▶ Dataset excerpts
Content starts
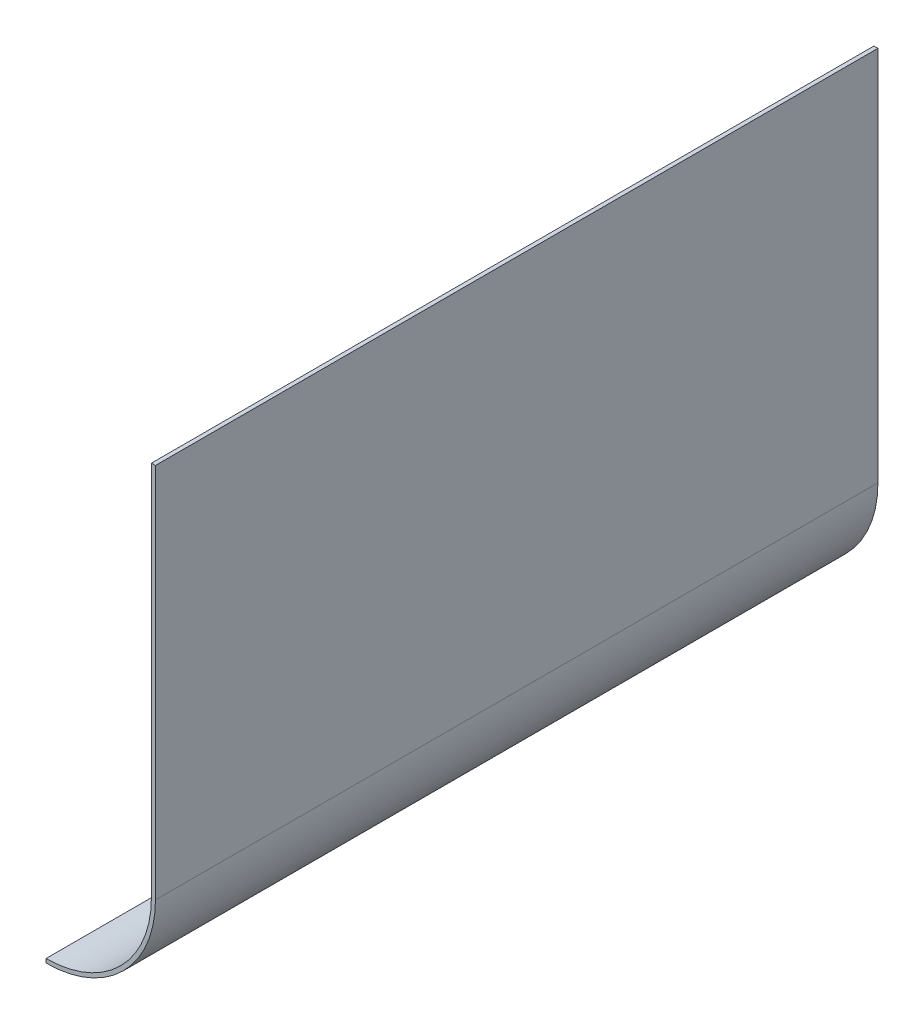
SolidWorks part; units mm, degrees
ref_plane "Front Plane" through (0, 0, 0) normal (0, 0, 1) x (1, 0, 0)
ref_plane "Top Plane" through (0, 0, 0) normal (0, 1, 0) x (1, 0, 0)
ref_plane "Right Plane" through (0, 0, 0) normal (1, 0, 0) x (0, 0, -1)
sketch "Sketch1" plane through (0, 0, 0) normal (0, 0, 1) x (1, 0, 0)
  line L0 (66.675, 238.125) -> (66.675, 0)
  line L1 (-89.835, -66.675) -> (0, -66.675) construction
  arc A0 (0, -66.675) -> (66.675, 0) centre (0, 0) ccw
  dimension "D1" = 66.675
  dimension "D2" = 304.8
extrude "Extrude-Thin1" add sketch "Sketch1" along normal blind 457.2 thin thin type one direction wall 2.54
Content ends
Starting at the line that contains "arc A0 (0, -66.675)", write out every line through the end of the entries, exactly and with nothing added.

  arc A0 (0, -66.675) -> (66.675, 0) centre (0, 0) ccw
  dimension "D1" = 66.675
  dimension "D2" = 304.8
extrude "Extrude-Thin1" add sketch "Sketch1" along normal blind 457.2 thin thin type one direction wall 2.54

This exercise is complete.